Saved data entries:
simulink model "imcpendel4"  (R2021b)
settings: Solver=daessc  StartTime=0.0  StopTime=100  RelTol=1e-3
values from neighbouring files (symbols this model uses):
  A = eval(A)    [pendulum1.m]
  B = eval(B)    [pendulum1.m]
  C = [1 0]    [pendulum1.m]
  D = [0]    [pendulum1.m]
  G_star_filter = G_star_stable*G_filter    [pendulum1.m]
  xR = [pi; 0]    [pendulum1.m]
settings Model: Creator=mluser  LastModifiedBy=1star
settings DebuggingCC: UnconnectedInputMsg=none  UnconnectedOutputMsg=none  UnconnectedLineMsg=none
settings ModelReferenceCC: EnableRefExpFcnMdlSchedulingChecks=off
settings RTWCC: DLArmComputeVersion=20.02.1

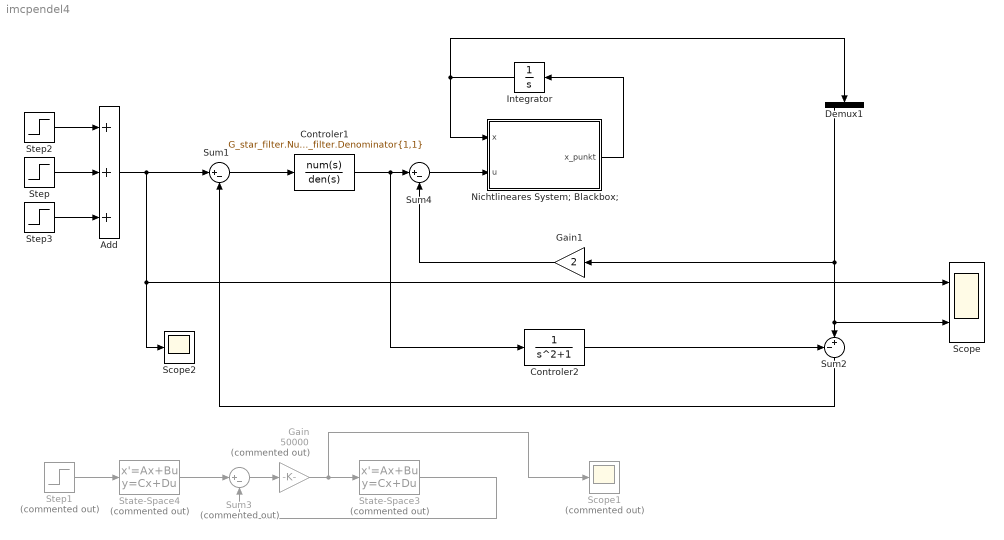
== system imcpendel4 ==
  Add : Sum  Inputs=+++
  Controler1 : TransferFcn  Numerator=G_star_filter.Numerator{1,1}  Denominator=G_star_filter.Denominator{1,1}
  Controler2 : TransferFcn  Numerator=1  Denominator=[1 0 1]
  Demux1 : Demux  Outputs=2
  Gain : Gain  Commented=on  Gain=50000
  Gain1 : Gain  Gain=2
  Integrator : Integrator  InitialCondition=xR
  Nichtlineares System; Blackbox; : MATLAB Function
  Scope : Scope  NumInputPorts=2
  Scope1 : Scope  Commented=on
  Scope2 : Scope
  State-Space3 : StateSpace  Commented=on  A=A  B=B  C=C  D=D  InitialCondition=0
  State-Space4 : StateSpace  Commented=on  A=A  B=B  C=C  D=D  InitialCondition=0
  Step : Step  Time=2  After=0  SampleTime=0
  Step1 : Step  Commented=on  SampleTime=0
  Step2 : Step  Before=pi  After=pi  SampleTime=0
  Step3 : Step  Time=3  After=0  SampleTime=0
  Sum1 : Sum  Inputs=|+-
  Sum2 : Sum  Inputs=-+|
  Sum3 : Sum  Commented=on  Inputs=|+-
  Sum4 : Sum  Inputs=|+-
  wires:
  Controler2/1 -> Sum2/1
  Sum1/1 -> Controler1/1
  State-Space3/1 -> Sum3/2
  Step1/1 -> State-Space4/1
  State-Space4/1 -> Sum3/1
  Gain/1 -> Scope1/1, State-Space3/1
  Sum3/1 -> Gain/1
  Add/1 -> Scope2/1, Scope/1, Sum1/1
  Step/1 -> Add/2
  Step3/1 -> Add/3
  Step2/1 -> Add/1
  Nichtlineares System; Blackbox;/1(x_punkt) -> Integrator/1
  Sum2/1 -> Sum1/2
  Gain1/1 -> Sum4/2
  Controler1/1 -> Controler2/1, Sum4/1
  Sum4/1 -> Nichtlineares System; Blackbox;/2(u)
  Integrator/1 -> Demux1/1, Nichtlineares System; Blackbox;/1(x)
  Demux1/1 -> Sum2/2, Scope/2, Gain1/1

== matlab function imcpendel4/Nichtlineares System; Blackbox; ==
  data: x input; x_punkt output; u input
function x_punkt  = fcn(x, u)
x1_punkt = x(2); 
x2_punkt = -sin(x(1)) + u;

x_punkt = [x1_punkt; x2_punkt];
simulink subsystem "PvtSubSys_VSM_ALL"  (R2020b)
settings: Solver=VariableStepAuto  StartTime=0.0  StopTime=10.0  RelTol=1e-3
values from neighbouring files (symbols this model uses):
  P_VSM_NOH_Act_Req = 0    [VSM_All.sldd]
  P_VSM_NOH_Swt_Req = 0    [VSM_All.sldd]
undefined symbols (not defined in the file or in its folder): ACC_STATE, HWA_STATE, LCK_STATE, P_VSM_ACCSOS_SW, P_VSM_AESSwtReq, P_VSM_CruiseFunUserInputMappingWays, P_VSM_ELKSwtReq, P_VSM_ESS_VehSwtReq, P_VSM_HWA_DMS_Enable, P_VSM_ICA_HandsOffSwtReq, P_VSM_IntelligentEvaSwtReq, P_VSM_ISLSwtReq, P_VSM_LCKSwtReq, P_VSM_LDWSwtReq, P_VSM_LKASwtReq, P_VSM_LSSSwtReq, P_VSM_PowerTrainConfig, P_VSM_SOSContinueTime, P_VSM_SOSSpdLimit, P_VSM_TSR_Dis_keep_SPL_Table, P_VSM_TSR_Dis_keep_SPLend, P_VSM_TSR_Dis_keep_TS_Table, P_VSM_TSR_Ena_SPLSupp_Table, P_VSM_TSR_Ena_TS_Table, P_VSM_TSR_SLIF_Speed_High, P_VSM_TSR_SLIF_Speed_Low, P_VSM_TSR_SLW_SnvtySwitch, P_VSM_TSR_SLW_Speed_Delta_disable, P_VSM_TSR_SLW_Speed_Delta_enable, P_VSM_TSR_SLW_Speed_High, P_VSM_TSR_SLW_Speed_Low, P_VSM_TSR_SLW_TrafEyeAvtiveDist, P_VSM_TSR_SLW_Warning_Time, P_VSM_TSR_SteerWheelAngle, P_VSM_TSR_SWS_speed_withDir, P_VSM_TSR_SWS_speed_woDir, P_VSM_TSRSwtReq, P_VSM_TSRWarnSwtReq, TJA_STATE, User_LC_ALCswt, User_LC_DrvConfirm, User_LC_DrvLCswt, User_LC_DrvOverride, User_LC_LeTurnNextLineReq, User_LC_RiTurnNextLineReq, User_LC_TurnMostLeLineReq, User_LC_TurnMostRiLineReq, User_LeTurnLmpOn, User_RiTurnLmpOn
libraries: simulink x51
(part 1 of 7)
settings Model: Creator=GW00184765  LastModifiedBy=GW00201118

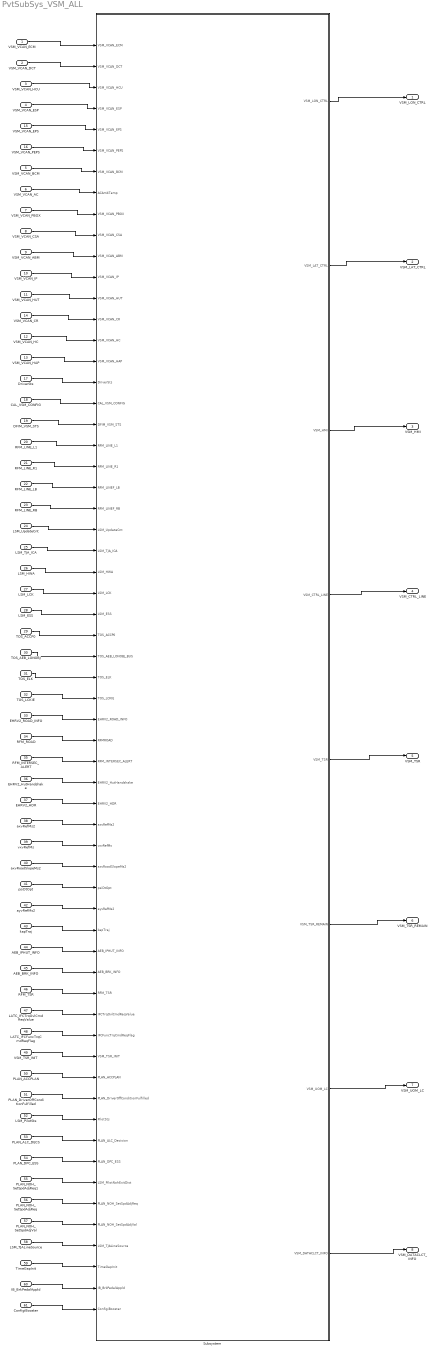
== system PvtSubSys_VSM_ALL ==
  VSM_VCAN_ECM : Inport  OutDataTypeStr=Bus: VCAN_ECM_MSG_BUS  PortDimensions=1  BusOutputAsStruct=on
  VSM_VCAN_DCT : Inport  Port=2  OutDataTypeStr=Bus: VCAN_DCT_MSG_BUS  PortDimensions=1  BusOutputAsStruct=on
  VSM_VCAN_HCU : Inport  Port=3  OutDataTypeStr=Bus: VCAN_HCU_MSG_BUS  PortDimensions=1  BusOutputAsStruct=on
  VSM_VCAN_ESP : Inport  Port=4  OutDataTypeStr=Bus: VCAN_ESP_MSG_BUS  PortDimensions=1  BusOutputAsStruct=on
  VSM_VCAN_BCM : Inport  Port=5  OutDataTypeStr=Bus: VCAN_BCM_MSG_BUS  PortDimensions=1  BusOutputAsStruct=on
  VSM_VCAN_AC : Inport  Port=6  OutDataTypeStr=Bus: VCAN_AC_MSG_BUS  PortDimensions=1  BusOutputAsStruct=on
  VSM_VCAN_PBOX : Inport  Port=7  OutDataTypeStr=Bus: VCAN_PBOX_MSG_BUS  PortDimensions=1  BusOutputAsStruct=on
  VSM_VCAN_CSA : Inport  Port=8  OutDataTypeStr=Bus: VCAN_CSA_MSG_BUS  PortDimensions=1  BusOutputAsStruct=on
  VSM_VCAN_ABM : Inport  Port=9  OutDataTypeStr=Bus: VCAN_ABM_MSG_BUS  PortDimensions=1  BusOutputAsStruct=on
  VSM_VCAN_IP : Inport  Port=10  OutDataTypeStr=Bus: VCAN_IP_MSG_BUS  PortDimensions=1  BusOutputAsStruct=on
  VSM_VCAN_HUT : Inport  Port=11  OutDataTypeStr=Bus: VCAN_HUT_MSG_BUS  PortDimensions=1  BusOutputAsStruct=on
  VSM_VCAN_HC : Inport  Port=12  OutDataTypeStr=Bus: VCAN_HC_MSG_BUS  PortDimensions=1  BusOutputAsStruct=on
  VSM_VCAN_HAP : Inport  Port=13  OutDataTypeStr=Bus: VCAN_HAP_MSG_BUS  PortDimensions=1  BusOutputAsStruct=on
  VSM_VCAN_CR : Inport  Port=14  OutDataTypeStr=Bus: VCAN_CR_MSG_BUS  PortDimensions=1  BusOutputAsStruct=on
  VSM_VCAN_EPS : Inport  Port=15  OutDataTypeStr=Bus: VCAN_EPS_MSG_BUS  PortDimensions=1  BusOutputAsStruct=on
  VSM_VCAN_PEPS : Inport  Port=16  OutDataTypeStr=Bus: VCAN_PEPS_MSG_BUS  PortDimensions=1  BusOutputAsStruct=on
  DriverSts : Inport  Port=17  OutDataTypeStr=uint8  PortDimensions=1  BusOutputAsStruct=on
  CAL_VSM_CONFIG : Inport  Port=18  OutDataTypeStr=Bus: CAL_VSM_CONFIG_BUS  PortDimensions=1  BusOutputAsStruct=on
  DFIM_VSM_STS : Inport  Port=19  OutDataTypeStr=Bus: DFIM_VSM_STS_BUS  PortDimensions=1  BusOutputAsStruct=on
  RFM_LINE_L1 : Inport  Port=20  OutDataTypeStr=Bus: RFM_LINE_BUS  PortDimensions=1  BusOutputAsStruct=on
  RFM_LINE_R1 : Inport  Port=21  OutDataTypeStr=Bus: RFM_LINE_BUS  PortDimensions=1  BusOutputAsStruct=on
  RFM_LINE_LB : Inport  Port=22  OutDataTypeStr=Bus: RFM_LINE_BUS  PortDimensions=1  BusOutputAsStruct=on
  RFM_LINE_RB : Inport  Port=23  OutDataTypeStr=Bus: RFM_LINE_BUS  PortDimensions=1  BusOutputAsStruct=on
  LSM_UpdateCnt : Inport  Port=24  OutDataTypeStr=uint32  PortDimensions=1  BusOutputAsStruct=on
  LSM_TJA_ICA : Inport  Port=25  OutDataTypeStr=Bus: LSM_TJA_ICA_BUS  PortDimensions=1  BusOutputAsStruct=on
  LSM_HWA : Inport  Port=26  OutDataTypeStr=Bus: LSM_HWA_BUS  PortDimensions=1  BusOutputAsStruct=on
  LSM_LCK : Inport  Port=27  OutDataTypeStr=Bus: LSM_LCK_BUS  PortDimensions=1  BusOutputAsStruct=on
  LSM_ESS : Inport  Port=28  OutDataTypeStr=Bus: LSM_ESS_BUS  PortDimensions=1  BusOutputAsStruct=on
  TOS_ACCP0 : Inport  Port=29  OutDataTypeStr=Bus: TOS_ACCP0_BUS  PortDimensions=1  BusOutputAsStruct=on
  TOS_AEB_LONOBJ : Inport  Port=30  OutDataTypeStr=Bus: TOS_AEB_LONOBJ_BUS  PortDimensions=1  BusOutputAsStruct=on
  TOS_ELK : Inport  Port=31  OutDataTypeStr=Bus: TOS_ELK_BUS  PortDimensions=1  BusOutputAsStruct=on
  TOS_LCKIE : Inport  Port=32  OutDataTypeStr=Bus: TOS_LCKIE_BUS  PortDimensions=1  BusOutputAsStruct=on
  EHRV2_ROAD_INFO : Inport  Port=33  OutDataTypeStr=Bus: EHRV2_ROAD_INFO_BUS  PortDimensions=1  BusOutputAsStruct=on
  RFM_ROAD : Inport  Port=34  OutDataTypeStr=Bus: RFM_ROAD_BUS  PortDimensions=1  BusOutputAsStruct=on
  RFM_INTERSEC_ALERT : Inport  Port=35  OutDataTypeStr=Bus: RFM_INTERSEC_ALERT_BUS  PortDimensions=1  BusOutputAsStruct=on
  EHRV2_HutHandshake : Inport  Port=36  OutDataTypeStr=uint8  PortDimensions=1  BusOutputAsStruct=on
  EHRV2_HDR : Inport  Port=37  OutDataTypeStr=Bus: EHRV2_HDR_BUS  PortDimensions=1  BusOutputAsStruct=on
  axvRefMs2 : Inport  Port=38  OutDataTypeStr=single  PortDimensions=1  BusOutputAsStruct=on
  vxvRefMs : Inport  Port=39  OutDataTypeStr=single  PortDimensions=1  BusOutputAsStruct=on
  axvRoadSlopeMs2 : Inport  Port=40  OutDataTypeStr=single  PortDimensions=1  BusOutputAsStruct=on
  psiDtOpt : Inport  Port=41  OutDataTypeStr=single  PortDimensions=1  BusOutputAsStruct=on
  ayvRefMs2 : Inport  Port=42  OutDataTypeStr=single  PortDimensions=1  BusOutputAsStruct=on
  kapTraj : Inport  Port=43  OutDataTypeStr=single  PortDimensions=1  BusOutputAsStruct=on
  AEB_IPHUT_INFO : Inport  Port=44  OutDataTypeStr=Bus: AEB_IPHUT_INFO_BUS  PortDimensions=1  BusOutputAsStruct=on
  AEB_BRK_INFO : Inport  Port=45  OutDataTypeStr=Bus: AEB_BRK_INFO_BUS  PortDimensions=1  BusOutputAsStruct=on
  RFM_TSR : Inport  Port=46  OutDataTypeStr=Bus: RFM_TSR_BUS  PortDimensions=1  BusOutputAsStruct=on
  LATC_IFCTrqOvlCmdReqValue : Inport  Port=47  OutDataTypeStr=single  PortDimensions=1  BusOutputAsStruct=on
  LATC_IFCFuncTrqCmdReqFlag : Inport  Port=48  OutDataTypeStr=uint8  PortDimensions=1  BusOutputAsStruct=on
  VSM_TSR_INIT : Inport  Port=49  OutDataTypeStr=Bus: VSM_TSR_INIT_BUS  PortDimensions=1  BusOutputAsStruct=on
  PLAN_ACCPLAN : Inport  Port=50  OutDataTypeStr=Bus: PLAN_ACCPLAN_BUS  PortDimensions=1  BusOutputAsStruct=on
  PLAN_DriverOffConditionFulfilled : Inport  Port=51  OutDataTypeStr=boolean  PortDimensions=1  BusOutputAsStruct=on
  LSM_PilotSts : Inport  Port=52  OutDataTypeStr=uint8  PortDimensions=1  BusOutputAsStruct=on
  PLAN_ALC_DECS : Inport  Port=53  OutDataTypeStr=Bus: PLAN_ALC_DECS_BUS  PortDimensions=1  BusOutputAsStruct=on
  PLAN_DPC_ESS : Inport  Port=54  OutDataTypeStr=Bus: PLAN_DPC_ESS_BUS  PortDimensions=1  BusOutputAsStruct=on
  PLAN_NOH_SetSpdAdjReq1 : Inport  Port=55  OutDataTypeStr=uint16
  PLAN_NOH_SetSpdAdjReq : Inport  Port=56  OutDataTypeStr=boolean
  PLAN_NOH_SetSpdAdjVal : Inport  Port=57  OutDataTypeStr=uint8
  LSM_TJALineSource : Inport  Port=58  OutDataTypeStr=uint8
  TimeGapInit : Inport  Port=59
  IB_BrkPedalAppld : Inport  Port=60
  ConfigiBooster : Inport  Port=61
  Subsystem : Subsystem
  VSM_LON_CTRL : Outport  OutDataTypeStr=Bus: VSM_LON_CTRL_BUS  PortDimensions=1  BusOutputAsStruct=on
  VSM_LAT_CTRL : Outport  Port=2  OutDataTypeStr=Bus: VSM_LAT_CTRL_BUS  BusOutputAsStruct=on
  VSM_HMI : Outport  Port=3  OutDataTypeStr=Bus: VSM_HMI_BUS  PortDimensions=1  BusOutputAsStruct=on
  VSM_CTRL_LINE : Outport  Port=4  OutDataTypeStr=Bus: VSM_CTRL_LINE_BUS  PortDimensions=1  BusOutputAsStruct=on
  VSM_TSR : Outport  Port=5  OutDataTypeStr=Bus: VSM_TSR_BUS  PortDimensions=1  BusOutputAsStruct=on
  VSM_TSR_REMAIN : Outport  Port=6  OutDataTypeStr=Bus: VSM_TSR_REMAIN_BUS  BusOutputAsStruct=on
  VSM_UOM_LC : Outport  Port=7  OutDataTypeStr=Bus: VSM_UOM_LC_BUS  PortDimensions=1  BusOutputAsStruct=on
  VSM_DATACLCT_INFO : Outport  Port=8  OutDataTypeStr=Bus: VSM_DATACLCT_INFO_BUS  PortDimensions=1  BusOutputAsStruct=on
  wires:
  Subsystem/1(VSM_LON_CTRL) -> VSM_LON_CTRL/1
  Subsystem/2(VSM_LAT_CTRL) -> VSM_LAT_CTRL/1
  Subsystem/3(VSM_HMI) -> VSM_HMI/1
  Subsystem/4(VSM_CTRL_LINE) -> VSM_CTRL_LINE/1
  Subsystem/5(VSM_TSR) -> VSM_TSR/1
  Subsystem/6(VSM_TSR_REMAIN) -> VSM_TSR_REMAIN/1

◆ **Task objective**
Where the line containing "Subsystem/5(VSM_TSR) -> VSM_TSR/1" appears, start copying, and go on exactly through the last line of the data.

◆ **Result of this exercise**
  Subsystem/5(VSM_TSR) -> VSM_TSR/1
  Subsystem/6(VSM_TSR_REMAIN) -> VSM_TSR_REMAIN/1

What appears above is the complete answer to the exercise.